# [Work to complete]
Copy every line of the listing that holds the string "CIRCLE".

━━━━━ Data ━━━━━

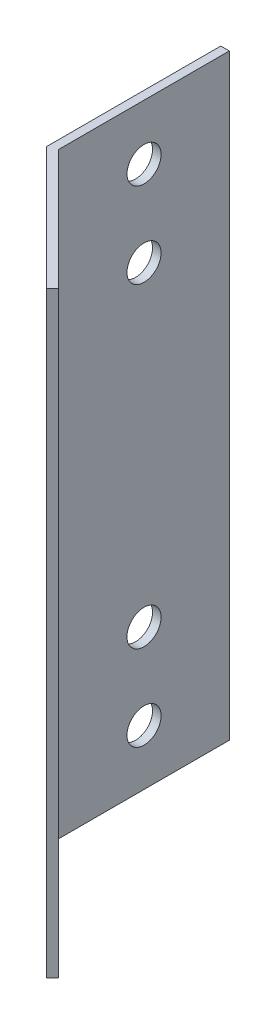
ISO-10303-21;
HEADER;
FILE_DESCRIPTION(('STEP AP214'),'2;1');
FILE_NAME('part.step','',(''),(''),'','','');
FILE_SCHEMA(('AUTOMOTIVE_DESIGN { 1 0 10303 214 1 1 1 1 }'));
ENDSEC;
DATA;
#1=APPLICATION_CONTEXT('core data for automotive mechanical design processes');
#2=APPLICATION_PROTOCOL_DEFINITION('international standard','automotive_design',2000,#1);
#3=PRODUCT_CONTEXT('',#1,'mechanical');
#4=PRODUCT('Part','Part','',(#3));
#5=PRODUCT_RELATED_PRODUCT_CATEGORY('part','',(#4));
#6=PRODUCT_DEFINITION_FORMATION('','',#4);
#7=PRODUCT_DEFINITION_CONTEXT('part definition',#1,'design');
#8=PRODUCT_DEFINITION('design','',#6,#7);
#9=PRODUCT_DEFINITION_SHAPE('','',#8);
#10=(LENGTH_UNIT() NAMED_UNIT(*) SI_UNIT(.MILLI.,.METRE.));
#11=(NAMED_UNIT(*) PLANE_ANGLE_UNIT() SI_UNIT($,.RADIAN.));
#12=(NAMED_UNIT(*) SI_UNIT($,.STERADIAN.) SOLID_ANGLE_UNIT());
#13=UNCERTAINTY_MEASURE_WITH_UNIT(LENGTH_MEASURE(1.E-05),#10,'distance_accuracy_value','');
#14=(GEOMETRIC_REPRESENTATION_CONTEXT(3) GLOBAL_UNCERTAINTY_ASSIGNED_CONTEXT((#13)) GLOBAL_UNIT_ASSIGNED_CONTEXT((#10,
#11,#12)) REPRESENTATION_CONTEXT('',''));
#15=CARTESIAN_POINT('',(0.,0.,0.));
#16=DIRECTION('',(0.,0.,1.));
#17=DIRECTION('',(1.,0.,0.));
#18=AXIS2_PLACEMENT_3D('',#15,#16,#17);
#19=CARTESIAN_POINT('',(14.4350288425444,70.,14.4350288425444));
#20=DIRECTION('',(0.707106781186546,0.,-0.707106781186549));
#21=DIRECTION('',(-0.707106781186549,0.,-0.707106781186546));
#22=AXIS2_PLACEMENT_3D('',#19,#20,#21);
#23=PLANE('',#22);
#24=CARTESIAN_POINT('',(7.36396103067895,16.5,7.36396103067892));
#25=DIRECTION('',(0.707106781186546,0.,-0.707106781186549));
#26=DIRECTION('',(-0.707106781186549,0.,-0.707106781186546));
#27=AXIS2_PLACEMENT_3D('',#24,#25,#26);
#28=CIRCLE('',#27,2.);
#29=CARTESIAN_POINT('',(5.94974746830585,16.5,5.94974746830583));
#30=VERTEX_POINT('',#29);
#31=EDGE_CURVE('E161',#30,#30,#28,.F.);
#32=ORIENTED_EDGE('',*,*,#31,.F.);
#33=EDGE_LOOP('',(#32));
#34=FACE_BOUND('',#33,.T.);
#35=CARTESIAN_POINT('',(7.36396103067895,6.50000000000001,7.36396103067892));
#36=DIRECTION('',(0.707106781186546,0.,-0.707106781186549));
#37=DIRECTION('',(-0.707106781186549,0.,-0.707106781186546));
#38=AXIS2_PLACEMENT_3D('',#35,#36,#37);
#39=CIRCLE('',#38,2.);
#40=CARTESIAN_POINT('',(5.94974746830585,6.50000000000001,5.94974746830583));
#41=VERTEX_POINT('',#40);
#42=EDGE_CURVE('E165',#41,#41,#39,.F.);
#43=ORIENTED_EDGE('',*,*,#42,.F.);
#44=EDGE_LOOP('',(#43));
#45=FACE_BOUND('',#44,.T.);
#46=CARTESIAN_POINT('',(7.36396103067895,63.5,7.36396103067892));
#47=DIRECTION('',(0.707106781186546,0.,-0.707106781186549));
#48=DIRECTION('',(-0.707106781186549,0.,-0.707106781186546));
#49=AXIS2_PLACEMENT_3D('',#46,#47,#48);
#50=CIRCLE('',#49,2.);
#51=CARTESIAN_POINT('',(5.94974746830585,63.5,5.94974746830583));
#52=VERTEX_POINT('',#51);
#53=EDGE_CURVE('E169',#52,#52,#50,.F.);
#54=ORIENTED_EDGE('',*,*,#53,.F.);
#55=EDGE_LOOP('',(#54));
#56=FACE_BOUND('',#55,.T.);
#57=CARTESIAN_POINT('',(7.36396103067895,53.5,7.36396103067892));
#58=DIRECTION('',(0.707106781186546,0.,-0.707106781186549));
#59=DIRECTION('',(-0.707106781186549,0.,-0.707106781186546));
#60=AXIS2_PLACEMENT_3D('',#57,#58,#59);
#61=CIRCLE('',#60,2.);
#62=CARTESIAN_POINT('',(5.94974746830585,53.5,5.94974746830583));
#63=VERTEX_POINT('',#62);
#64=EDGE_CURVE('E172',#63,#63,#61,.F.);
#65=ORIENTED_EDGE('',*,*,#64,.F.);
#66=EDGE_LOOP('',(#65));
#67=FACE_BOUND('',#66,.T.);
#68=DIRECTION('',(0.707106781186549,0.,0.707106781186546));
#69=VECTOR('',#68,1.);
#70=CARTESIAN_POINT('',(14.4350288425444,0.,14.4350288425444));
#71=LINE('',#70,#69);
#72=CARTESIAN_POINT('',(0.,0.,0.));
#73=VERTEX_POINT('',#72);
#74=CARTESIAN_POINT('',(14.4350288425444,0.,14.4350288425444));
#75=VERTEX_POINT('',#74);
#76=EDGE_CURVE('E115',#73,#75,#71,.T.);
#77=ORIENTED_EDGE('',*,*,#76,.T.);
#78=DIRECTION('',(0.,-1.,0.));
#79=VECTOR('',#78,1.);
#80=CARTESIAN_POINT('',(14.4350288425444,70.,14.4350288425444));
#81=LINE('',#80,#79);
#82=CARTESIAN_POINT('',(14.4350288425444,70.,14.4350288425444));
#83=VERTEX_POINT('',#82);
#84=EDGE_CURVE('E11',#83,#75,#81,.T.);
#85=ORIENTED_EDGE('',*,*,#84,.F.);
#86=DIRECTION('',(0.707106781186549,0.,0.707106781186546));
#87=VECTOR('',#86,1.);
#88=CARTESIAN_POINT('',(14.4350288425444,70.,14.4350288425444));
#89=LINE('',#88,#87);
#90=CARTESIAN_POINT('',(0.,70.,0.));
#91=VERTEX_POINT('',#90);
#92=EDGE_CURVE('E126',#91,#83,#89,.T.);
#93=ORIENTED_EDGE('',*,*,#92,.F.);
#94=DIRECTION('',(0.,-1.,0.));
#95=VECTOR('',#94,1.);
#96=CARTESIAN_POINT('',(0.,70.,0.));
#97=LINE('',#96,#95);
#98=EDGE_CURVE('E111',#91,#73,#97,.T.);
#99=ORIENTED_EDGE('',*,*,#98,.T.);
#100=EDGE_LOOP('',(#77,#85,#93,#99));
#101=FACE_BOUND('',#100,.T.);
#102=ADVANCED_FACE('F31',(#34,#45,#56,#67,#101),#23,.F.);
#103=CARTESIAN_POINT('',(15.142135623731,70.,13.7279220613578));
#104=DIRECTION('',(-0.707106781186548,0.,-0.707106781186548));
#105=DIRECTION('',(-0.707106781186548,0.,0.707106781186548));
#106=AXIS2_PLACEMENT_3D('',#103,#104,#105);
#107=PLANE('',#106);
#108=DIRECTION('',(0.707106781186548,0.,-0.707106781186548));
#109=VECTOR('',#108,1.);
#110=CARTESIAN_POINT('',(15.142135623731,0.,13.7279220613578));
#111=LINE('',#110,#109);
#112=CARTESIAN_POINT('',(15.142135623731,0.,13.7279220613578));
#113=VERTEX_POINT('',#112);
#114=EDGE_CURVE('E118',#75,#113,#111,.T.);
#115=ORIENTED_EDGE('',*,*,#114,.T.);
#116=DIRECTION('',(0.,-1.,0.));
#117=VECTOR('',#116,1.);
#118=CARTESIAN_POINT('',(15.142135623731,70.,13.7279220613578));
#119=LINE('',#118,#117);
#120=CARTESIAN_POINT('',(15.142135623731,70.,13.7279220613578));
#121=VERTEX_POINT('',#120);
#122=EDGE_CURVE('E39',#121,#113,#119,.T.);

━━━━━

# [Your response]
#28=CIRCLE('',#27,2.);
#39=CIRCLE('',#38,2.);
#50=CIRCLE('',#49,2.);
#61=CIRCLE('',#60,2.);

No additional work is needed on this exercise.